Data Science Internship at Gojek
Being an undergraduate student at Hong Kong University of Science & Technology, which academic year runs from September to May, means that I’ve got a full 3-month summer holiday. So, I decided to do a summer internship. I applied to Gojek, and after a couple of interviews and a case study, I got accepted as a Data Science Intern.
From the start, with the cheerful yet meticulously crafted welcome email, I knew that this internship would be a memorable journey. On the first day at Gojek, us interns were welcomed by the GoAcademy team for the onboarding process. Other than our onboarding process, the GoAcademy team was also responsible for our personal development during the whole internship period. Several activities, including workshops and LAP (Learning Action Plan), were organized by them for this purpose.

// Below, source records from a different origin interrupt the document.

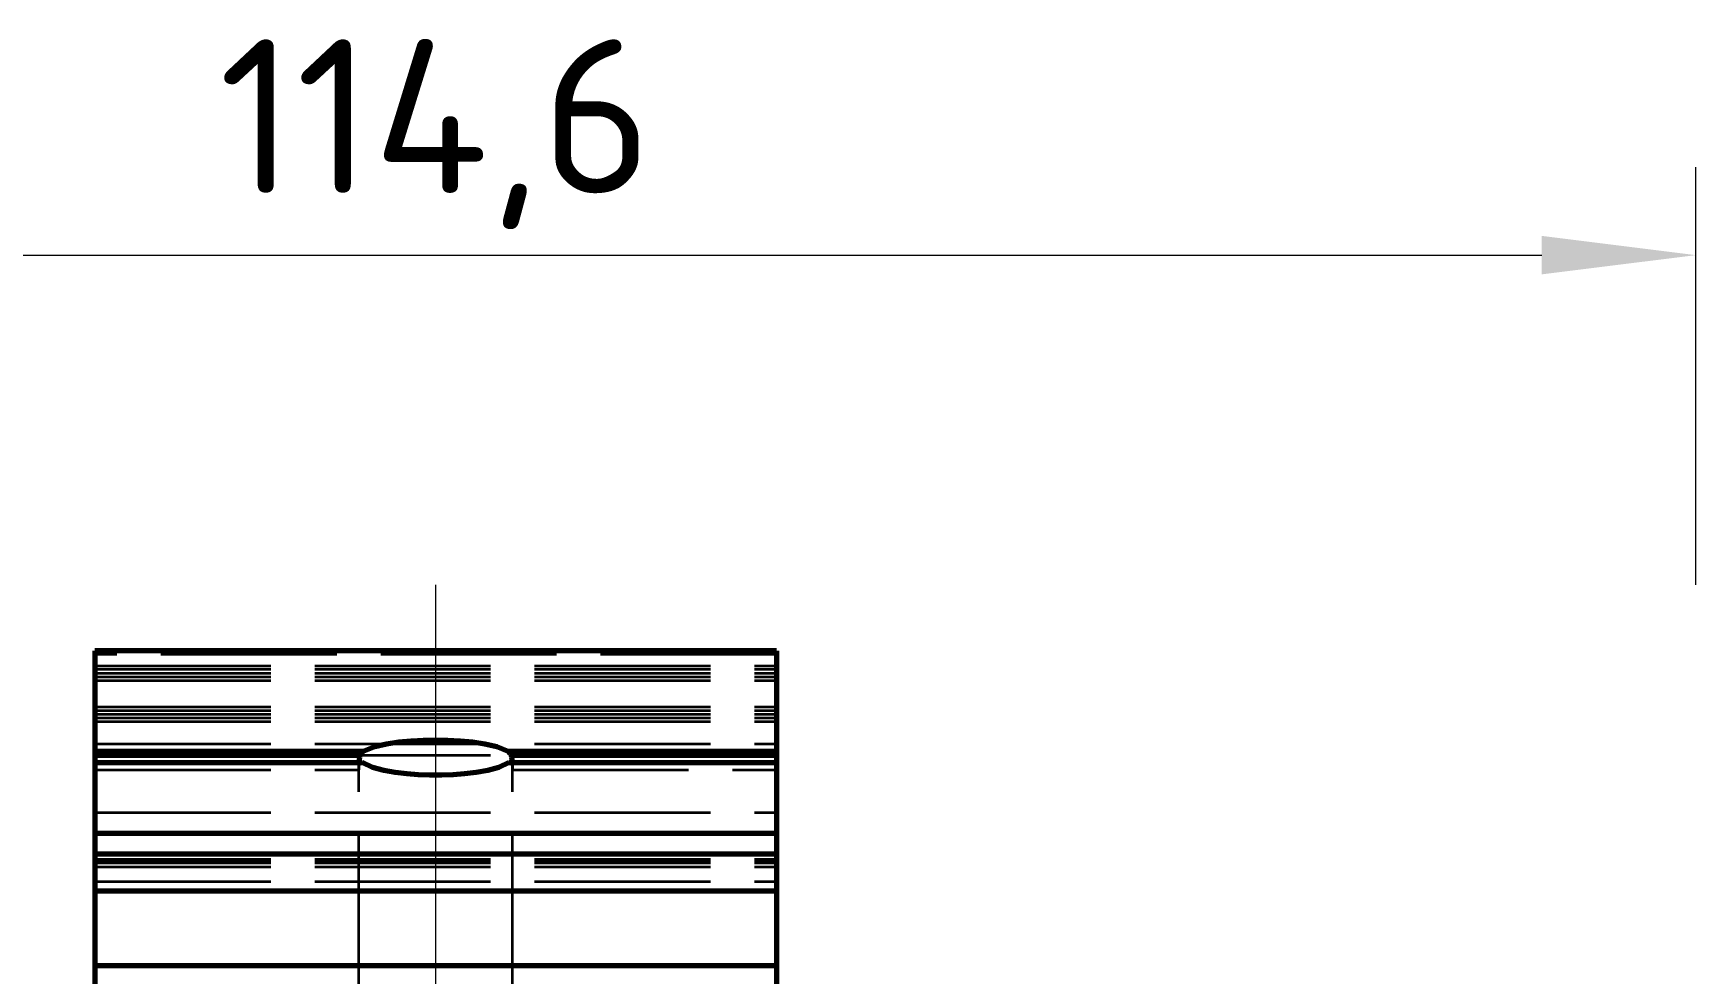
# Model space of a CAD drawing. Header units: millimetres. Extents: x 0 to 2382, y 0 to 420.
# Drawn here: x 315.34 to 353.15, y 360.83 to 382.22 of the extents above; entities that cross this region are included whole.
import ezdxf

# ---------------------------------------------------------------- set-up
doc = ezdxf.new("R2010")
doc.units = ezdxf.units.MM
doc.linetypes.add('IRAM-E-TRAZOS', pattern=[5, 4, -1])
doc.linetypes.add('IRAM-F-TRAZO-PUNTO', pattern=[20, 15, -2, 1, -2])
for name, color, linetype, lineweight in [('01-VISIBLE', 7, 'CONTINUOUS', 70), ('02-OCULTA', 4, 'IRAM-E-TRAZOS', 35), ('03-EJE', 1, 'IRAM-F-TRAZO-PUNTO', 18), ('04-COTA', 3, 'CONTINUOUS', 18)]:
    doc.layers.add(name, color=color, linetype=linetype, lineweight=lineweight)
doc.styles.add('ISO3098', font='isocpeur.ttf')
doc.dimstyles.new('FLAMA-IRAM', dxfattribs={"dimtxt": 3.5, "dimasz": 3.5, "dimexe": 2, "dimexo": 1.5, "dimgap": 1, "dimtad": 1, "dimdec": 1, "dimtxsty": 'ISO3098', "dimblk": 'IRAM_FLECHA', "dimblk1": 'IRAM_FLECHA', "dimblk2": 'IRAM_FLECHA', "dimcen": 2.5, "dimclrd": 256, "dimclre": 256, "dimclrt": 256, "dimazin": 3, "dimtfac": 1, "dimtmove": 0, "dimatfit": 3, "dimlwd": 18, "dimlwe": 18})

# ---------------------------------------------------------------- blocks, each defined once
blk = doc.blocks.new('IRAM_FLECHA')
blk.add_solid([(0, 0), (-1, 0.125), (-1, -0.125)])

msp = doc.modelspace()

# ---------------------------------------------------------------- linework, layer by layer
at = {"layer": '01-VISIBLE'}
for p, q in [((332.245, 368.174), (316.745, 368.174)), ((316.745, 368.174), (316.745, 365.889)), ((332.245, 368.174), (332.245, 365.889)), ((316.745, 365.889), (322.849, 365.889)), ((316.745, 365.889), (316.745, 365.804)), ((316.745, 365.804), (316.745, 365.634)), ((316.745, 365.804), (322.778, 365.804)), ((316.745, 365.634), (316.745, 364.024)), ((316.745, 365.634), (322.821, 365.634)), ((326.141, 365.889), (332.245, 365.889)), ((326.169, 365.634), (332.245, 365.634)), ((326.212, 365.804), (332.245, 365.804)), ((332.245, 365.889), (332.245, 365.804)), ((332.245, 365.804), (332.245, 365.634)), ((332.245, 365.634), (332.245, 364.024)), ((316.745, 364.024), (316.745, 363.559)), ((316.745, 364.024), (332.245, 364.024)), ((332.245, 364.024), (332.245, 363.559)), ((316.745, 363.559), (316.745, 362.714)), ((316.745, 363.559), (332.245, 363.559)), ((332.245, 363.559), (332.245, 362.714)), ((316.745, 362.714), (316.745, 361.019)), ((316.745, 362.714), (332.245, 362.714)), ((332.245, 362.714), (332.245, 361.019)), ((316.745, 361.019), (316.745, 360.089)), ((316.745, 361.019), (332.245, 361.019)), ((332.245, 361.019), (332.245, 360.089))]:
    msp.add_line(p, q, dxfattribs=at)
for points in [[(322.849, 365.889), (323.108, 365.996), (323.38, 366.06), (323.657, 366.102), (323.935, 366.13), (324.215, 366.146), (324.495, 366.151)], [(324.495, 366.151), (324.775, 366.146), (325.055, 366.13), (325.333, 366.102), (325.61, 366.06), (325.882, 365.996), (326.141, 365.889)], [(322.753, 365.634), (322.756, 365.663), (322.76, 365.691), (322.764, 365.72), (322.768, 365.748), (322.773, 365.776), (322.778, 365.804)], [(322.778, 365.804), (322.788, 365.82), (322.799, 365.835), (322.811, 365.849), (322.823, 365.863), (322.836, 365.876), (322.849, 365.889)], [(326.169, 365.634), (325.931, 365.522), (325.677, 365.452), (325.417, 365.405), (325.154, 365.374), (324.891, 365.355), (324.627, 365.346), (324.363, 365.346), (324.099, 365.355), (323.836, 365.374), (323.573, 365.405), (323.313, 365.452), (323.059, 365.522), (322.821, 365.634)], [(326.141, 365.889), (326.154, 365.876), (326.167, 365.863), (326.179, 365.849), (326.191, 365.835), (326.202, 365.82), (326.212, 365.804)], [(326.212, 365.804), (326.217, 365.776), (326.222, 365.748), (326.226, 365.72), (326.23, 365.691), (326.234, 365.663), (326.237, 365.634)]]:
    msp.add_lwpolyline(points, dxfattribs=at)
at = {"layer": '02-OCULTA'}
for p, q in [((332.245, 368.174), (316.745, 368.174)), ((316.745, 368.089), (316.745, 368.174)), ((332.245, 368.089), (332.245, 368.174)), ((316.745, 367.834), (316.745, 368.089)), ((332.245, 368.089), (316.745, 368.089)), ((316.745, 367.754), (316.745, 367.834)), ((316.745, 367.834), (332.245, 367.834)), ((332.245, 367.834), (332.245, 368.089)), ((332.245, 367.754), (332.245, 367.834)), ((316.745, 367.669), (316.745, 367.754)), ((316.745, 367.754), (332.245, 367.754)), ((316.745, 367.754), (332.245, 367.754)), ((316.745, 367.584), (316.745, 367.669)), ((316.745, 367.669), (332.245, 367.669)), ((316.745, 367.669), (332.245, 367.669)), ((316.745, 367.499), (316.745, 367.584)), ((316.745, 367.584), (332.245, 367.584)), ((316.745, 367.584), (332.245, 367.584)), ((316.745, 366.904), (316.745, 367.499)), ((316.745, 367.499), (332.245, 367.499)), ((332.245, 367.669), (332.245, 367.754)), ((332.245, 367.584), (332.245, 367.669)), ((332.245, 367.499), (332.245, 367.584)), ((332.245, 366.904), (332.245, 367.499)), ((316.745, 366.819), (316.745, 366.904)), ((316.745, 366.904), (332.245, 366.904)), ((316.745, 366.734), (316.745, 366.819)), ((316.745, 366.819), (332.245, 366.819)), ((316.745, 366.819), (332.245, 366.819)), ((316.745, 366.649), (316.745, 366.734)), ((316.745, 366.734), (332.245, 366.734)), ((316.745, 366.734), (332.245, 366.734)), ((332.245, 366.819), (332.245, 366.904)), ((332.245, 366.734), (332.245, 366.819)), ((332.245, 366.649), (332.245, 366.734)), ((316.745, 366.564), (316.745, 366.649)), ((316.745, 366.649), (332.245, 366.649)), ((316.745, 366.649), (332.245, 366.649)), ((316.745, 366.059), (316.745, 366.564)), ((316.745, 366.564), (332.245, 366.564)), ((332.245, 366.564), (332.245, 366.649)), ((332.245, 366.059), (332.245, 366.564)), ((316.745, 365.804), (316.745, 366.059)), ((316.745, 366.059), (332.245, 366.059)), ((332.245, 365.804), (332.245, 366.059)), ((316.745, 364.494), (316.745, 365.804)), ((316.745, 365.804), (332.245, 365.804)), ((316.745, 365.634), (316.745, 365.464)), ((316.745, 365.464), (316.745, 365.634)), ((316.745, 365.634), (322.764, 365.634)), ((326.226, 365.634), (332.245, 365.634)), ((332.245, 364.494), (332.245, 365.804)), ((332.245, 365.634), (332.245, 365.464)), ((332.245, 365.464), (332.245, 365.634)), ((316.745, 365.464), (322.745, 365.464)), ((322.745, 354.969), (322.745, 365.464)), ((326.245, 365.464), (332.245, 365.464)), ((326.245, 354.969), (326.245, 365.464)), ((316.745, 363.389), (316.745, 364.494)), ((316.745, 364.494), (332.245, 364.494)), ((332.245, 363.389), (332.245, 364.494)), ((316.745, 363.349), (316.745, 363.434)), ((316.745, 363.434), (316.745, 363.264)), ((316.745, 363.434), (332.245, 363.434)), ((316.745, 362.924), (316.745, 363.389)), ((316.745, 363.389), (332.245, 363.389)), ((316.745, 355.814), (316.745, 363.349)), ((316.745, 363.349), (332.245, 363.349)), ((316.745, 363.349), (332.245, 363.349)), ((316.745, 363.264), (316.745, 362.924)), ((316.745, 363.264), (332.245, 363.264)), ((332.245, 363.349), (332.245, 363.434)), ((332.245, 363.434), (332.245, 363.264)), ((332.245, 362.924), (332.245, 363.389)), ((332.245, 355.814), (332.245, 363.349)), ((332.245, 363.264), (332.245, 362.924)), ((316.745, 362.924), (332.245, 362.924)), ((316.745, 362.924), (332.245, 362.924))]:
    msp.add_line(p, q, dxfattribs=at)
for points in [[(322.745, 365.464), (322.745, 365.493), (322.746, 365.521), (322.747, 365.549), (322.749, 365.578), (322.751, 365.606), (322.753, 365.634)], [(322.764, 365.634), (322.758, 365.606), (322.753, 365.578), (322.75, 365.55), (322.747, 365.521), (322.746, 365.493), (322.745, 365.464)], [(322.764, 365.634), (322.773, 365.634), (322.783, 365.634), (322.792, 365.634), (322.802, 365.634), (322.811, 365.634), (322.821, 365.634)], [(326.169, 365.634), (326.179, 365.634), (326.188, 365.634), (326.198, 365.634), (326.207, 365.634), (326.217, 365.634), (326.226, 365.634)], [(326.245, 365.464), (326.244, 365.493), (326.243, 365.521), (326.24, 365.55), (326.237, 365.578), (326.232, 365.606), (326.226, 365.634)], [(326.237, 365.634), (326.239, 365.606), (326.241, 365.578), (326.243, 365.549), (326.244, 365.521), (326.245, 365.493), (326.245, 365.464)]]:
    msp.add_lwpolyline(points, dxfattribs=at)
at = {"layer": '03-EJE'}
msp.add_line((324.495, 138.451), (324.495, 369.674), dxfattribs=at)

# ---------------------------------------------------------------- dimensions: what is measured, and where the dimension line sits
at = {"layer": '04-COTA'}
msp.add_linear_dim(base=(295.845, 377.174), p1=(295.845, 368.174), p2=(353.145, 368.174), dimstyle='FLAMA-IRAM', override={"dimlfac": 2}, dxfattribs=at).render()

doc.saveas('drawing.dxf')

We finally got to meet Gojek’s Data Science team in the afternoon. The team in Jakarta is divided into three streams: Supply, Fraud, and Logistics. After the team introduction, we were each assigned to a mentor. Our project during the internship would correspond to our mentor’s stream.
I and a fellow intern, Mahendri Dwicahyo, would be working in the supply stream along with our mentors Gibran Erlangga and Iqbal Tawakal. Led by Ridlo Nur Rahman, DS Supply stream’s objective is to optimize Gojek’s supply spending.
During the first few weeks of internship, Mahendri and I familiarized ourselves with the whole project infrastructure. Meanwhile, we were also tasked with writing unit tests using Python, and analyzing the model performance.
Things got busier around July as the production date for our model was approaching. I got the chance to make the guardrails to filter out radical changes the model might produce. I was also involved in making sure the data pipeline works seamlessly. I learned a lot about this supply project, from collecting the data from BigQuery, training them using regressions to produce models, choosing the best combination using simulated annealing optimization with the guardrails integrated into it, until uploading the JSON result to Google Cloud Storage.
Nearing the end of my internship, I worked with everyone in the supply team to make a Bayesian hierarchical model for a new supply function. By building this model, I learned a good deal about feature engineering and model tuning.
In addition to our involvement with the main project, Mahendri and I were also given a task to make an A/B Testing library. We successfully made the library, utilizing both the Bayesian and frequentist methods. This library covered the Gaussian, Poisson, and Binomial distributions and was also thoroughly documented.
I am really grateful to have had the chance to be a part of Gojek’s Data Science Intern in the summer of 2019. Through this experience, I’ve gained a lot of knowledge, skills, and also saw firsthand how my project made a substantial impact on people’s lives around me.